I appreciate the reply and the information. I wish my lathe were a 12x36 or a Commercial cabinet model but they don’t come along very often around here. I bought this one to “play” with and get back into machining. The gentleman I bought it from couldn’t tell me much about it even though he had owned it for thirty years. Clearly some of the items I got with it didn’t belong as there was a box of forty odd 3/4” carbide cutting bits! The gears may well have come from another machine too. There was a nice, complete collet set with it. Again, thanks and Happy New Year!
Dave


----------



## westsailpat (Jan 1, 2019)

Hi Dave , nice score and welcome to the group . Do you have any projects in mind ?


----------



## DaveInHouston (Jan 1, 2019)

Thanks. I have tons of projects in mind, just not sure where to start! I’m the farm hand on my wife’s little horse farm, so have almost limitless opportunities between the tractors, barns, welding machines, etc. I’m actually looking forward to putting it to use, understanding it’s size and power limitations. Thanks again!
Dave


----------



## thomas s (Jan 1, 2019)

Dave,Welcome to the forum.


----------



## wa5cab (Jan 1, 2019)

Dave,

Your lathe is a Craftsman 101.07403.  It has Timken tapered roller spindle bearings.  If it had babbit bearings, first it would have a model number that began with either 101.0736x or 101.0738x.  And second, the parts of the headstock casting that the spindle fits through would be split horizontally and each would have two hex head bearing cap bolts.

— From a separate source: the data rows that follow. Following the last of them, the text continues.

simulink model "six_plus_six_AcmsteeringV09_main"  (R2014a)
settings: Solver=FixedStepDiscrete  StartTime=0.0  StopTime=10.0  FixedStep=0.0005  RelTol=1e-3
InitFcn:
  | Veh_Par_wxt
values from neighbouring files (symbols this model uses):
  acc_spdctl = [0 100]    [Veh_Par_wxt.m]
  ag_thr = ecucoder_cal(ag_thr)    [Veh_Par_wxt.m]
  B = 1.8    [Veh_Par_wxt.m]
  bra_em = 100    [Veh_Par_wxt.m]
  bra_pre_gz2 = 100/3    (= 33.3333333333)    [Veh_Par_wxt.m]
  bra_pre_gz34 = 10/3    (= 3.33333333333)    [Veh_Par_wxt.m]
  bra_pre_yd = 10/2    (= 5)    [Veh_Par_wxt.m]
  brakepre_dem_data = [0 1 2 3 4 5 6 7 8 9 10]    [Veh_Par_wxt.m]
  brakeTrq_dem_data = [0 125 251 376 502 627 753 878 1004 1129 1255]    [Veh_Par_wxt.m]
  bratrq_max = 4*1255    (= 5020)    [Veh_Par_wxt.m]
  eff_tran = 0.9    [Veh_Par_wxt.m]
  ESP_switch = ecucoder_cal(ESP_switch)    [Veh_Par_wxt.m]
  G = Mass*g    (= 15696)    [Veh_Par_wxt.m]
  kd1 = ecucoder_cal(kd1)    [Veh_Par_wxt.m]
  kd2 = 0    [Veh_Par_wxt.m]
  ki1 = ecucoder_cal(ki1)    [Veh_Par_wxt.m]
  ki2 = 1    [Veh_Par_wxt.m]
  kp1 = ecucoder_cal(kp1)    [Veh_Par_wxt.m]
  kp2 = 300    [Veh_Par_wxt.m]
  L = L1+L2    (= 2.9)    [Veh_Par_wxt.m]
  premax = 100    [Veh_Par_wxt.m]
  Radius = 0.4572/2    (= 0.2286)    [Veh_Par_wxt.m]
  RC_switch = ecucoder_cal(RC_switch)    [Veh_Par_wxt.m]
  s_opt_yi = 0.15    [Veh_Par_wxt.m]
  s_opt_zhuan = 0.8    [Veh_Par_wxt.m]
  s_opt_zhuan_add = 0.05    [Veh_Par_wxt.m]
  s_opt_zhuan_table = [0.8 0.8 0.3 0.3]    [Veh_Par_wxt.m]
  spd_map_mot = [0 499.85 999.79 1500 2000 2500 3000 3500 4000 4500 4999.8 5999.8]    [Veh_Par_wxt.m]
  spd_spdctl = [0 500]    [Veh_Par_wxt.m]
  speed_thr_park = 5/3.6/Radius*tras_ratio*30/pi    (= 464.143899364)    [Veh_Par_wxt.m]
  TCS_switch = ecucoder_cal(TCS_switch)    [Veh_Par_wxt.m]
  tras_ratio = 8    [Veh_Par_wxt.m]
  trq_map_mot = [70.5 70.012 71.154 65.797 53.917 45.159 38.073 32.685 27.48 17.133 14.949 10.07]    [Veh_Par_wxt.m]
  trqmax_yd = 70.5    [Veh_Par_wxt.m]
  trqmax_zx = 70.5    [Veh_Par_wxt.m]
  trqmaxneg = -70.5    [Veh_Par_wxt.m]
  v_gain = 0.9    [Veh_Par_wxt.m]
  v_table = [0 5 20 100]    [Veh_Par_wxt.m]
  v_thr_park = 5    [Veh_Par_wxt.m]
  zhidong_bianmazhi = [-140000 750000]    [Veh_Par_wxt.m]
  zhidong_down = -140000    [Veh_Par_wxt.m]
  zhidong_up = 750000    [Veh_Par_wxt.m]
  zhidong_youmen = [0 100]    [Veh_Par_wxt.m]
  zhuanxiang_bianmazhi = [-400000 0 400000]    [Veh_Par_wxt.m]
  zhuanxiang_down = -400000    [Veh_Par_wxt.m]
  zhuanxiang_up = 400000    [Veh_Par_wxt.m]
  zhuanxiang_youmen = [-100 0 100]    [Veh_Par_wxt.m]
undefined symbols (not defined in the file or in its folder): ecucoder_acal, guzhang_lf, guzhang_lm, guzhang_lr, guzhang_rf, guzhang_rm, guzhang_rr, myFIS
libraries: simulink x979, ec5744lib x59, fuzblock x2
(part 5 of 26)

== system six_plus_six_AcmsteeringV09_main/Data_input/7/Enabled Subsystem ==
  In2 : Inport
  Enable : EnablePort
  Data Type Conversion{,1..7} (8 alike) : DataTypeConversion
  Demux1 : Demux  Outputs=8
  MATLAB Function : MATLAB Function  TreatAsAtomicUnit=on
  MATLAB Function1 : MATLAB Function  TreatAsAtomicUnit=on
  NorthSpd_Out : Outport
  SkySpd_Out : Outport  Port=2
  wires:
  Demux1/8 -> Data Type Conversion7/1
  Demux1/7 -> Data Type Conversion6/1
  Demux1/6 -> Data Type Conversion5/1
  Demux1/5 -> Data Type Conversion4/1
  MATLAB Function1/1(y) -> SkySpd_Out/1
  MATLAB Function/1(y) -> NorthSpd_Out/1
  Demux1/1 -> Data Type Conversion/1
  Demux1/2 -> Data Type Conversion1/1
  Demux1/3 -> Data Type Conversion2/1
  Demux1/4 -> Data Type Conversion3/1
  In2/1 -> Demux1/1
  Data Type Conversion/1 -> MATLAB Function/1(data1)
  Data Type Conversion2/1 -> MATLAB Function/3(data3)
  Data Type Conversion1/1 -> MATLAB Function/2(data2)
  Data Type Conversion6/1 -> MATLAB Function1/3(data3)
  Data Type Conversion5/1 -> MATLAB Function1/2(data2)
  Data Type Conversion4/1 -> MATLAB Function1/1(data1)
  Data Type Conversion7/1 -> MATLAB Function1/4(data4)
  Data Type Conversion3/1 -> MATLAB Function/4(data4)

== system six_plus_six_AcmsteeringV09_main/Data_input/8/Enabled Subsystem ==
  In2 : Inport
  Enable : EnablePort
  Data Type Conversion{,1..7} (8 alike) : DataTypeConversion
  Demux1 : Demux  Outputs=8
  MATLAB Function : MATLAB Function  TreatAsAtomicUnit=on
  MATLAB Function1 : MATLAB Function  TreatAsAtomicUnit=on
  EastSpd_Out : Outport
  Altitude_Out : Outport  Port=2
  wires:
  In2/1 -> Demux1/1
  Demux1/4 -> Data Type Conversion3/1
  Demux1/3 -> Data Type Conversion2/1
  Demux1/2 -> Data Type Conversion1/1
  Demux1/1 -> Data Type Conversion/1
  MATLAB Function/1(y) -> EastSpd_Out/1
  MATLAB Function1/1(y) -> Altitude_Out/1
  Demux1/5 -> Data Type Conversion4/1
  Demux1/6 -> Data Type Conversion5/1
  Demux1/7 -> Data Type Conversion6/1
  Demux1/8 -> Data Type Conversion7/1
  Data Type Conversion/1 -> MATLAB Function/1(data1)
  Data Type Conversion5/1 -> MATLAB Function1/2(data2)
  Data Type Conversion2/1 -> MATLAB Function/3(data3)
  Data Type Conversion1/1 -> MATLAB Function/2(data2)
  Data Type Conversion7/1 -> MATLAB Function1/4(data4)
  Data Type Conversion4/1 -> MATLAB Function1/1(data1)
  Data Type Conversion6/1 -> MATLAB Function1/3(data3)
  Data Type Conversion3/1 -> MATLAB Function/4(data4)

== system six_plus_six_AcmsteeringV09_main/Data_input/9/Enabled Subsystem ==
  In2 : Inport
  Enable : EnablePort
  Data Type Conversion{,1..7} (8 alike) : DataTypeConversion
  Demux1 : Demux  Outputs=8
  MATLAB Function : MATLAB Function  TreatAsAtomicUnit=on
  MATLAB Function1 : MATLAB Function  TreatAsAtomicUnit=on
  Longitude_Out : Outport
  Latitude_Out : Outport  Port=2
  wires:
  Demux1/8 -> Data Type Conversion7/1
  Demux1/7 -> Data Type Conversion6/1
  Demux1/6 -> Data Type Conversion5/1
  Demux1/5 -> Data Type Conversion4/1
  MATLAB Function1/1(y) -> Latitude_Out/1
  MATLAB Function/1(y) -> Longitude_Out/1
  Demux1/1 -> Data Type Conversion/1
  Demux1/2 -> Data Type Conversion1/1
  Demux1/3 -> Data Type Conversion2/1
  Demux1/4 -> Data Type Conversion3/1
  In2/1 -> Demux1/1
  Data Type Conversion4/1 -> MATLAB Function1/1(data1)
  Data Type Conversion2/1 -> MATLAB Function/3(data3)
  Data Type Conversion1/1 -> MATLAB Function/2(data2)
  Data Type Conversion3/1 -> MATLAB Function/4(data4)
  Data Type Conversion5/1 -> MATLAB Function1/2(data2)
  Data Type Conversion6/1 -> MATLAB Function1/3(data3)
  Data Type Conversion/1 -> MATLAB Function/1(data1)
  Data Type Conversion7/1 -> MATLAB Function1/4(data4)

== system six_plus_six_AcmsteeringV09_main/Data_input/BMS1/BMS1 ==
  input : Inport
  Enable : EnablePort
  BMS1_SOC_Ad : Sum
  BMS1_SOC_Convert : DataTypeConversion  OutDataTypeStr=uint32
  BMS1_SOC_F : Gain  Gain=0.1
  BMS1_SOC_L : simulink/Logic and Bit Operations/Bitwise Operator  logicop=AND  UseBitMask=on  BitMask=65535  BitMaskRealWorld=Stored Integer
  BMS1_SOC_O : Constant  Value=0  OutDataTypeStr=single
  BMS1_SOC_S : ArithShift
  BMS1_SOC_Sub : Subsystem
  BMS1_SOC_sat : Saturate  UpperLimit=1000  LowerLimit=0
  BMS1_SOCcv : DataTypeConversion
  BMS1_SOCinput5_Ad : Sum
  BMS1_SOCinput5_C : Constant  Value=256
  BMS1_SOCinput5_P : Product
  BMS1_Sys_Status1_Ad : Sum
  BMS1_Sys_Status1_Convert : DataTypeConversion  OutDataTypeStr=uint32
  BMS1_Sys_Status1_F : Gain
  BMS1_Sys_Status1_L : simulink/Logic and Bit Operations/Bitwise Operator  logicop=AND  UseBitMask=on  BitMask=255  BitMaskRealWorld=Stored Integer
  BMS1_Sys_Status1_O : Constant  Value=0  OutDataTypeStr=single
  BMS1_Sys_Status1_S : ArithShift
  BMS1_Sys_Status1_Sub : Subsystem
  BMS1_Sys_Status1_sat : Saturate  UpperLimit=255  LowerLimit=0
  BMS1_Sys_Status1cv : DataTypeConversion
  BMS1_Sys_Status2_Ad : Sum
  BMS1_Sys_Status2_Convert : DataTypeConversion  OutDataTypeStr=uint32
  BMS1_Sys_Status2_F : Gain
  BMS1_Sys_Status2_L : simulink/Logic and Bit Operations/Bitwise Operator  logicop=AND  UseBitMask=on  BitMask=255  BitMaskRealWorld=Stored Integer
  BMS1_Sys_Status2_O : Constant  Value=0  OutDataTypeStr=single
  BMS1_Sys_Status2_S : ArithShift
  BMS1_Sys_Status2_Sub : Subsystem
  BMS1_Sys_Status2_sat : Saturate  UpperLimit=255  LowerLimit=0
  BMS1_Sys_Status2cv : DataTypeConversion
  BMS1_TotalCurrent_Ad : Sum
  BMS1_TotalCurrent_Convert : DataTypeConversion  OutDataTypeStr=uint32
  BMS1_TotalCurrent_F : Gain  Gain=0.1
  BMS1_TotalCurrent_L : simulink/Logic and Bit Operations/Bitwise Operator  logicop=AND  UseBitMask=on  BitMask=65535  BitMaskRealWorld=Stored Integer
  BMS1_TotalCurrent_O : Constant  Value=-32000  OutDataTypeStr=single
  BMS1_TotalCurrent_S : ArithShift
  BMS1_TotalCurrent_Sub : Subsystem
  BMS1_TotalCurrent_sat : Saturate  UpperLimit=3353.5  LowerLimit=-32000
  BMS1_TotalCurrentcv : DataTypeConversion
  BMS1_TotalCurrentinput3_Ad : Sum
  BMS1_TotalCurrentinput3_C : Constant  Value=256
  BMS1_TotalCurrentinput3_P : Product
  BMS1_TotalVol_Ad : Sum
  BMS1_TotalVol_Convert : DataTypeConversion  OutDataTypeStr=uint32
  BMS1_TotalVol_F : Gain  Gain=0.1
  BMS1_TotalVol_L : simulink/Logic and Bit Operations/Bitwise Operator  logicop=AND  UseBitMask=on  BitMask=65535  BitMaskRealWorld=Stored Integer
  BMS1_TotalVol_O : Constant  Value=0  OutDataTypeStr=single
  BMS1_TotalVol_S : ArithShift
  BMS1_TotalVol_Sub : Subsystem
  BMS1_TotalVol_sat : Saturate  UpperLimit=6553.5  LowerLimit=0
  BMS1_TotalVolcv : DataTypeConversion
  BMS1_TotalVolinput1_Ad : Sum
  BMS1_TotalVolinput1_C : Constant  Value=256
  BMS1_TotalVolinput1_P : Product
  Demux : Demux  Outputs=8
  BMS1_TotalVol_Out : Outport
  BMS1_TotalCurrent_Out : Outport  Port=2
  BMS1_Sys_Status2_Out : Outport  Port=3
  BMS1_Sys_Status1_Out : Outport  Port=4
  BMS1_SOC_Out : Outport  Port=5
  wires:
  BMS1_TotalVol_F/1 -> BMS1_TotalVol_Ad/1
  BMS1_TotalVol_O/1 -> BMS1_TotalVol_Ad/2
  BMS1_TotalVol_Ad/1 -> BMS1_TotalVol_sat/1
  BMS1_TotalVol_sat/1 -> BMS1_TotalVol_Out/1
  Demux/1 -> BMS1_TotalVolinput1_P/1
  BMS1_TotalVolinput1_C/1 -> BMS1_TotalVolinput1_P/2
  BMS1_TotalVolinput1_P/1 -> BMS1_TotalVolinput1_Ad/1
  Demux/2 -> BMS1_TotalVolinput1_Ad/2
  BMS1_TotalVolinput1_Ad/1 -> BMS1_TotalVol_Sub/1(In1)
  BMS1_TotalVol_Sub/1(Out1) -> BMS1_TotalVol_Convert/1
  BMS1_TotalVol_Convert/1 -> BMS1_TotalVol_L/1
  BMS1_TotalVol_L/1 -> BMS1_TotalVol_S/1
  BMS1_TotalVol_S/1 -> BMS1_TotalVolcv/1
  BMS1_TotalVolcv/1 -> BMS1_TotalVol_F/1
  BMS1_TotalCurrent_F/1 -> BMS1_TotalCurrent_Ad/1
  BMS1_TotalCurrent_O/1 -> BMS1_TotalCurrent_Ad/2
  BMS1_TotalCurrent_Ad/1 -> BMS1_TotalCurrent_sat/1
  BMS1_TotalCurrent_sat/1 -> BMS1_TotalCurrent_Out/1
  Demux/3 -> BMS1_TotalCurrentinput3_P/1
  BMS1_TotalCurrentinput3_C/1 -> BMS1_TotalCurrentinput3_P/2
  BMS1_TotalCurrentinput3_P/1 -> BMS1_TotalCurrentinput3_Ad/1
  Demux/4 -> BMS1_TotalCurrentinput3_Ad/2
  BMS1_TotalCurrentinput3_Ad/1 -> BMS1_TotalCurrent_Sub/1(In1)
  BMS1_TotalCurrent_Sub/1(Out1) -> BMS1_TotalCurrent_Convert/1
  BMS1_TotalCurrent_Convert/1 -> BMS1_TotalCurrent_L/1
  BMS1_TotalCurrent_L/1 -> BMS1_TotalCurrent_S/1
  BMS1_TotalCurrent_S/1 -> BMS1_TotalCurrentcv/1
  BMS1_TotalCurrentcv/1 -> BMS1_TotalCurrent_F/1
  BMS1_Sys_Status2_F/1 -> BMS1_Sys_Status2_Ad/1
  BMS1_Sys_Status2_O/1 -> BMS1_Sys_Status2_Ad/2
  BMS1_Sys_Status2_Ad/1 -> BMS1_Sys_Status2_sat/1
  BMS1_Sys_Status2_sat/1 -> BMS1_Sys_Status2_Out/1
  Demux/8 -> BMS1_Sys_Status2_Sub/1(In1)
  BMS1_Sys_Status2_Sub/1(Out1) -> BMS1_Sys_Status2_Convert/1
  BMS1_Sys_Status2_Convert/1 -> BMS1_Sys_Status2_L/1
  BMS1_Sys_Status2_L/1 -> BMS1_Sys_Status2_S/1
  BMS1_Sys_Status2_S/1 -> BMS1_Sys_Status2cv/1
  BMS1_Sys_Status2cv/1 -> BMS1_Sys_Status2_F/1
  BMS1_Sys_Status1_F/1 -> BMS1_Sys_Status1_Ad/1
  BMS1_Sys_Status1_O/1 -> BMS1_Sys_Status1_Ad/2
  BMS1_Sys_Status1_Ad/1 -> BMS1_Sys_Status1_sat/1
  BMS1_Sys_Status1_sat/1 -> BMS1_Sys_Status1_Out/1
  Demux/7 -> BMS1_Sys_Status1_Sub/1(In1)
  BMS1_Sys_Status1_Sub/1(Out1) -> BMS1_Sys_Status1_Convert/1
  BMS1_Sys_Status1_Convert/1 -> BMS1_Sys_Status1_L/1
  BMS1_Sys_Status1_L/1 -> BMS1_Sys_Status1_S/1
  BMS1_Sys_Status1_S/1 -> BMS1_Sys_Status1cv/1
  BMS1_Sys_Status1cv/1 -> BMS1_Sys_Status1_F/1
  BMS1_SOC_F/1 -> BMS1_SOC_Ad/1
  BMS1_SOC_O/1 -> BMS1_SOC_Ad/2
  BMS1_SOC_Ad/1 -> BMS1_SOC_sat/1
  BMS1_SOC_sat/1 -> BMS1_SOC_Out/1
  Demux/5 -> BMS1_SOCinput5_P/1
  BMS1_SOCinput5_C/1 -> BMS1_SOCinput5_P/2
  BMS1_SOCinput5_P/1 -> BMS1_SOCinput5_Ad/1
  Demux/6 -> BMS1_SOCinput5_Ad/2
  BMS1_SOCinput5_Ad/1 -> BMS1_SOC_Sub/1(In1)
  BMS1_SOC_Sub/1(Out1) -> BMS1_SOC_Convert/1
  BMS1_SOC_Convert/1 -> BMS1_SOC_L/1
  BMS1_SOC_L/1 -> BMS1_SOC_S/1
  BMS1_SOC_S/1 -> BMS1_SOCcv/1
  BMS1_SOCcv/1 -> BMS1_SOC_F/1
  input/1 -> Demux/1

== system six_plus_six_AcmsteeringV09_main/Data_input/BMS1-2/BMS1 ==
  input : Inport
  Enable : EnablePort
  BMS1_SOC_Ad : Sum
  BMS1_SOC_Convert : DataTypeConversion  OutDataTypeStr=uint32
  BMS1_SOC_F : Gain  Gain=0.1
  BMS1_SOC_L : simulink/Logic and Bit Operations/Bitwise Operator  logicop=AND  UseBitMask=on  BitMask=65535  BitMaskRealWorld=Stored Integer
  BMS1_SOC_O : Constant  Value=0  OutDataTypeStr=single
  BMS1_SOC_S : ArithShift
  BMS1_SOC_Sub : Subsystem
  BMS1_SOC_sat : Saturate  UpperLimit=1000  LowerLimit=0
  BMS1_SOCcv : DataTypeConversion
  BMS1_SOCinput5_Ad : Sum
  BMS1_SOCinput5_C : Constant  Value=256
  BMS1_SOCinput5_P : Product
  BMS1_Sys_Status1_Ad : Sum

As originally sold, it was a change gear lathe.  When Atlas first offered the QCGB for the Craftsman 12" lathes circa 1950, they could be retrofitted to any of the 48 different earlier models from the 12x36 101.07403 back to the 12x18 101.07360.  The loose gears that you have with 3/8" faces, 1/2" hubs and two keyways are the change gears that presumably came with the lathe and were used before the addition of the QCGB,  What the other gears are, I don't know.

I don't see the serial number in any of your photos nor in any of your posts.  It should be stamped into the top of the front way near the right end.  If you will post that, I can tell you within probably 2 or 3 years of when it was originally made.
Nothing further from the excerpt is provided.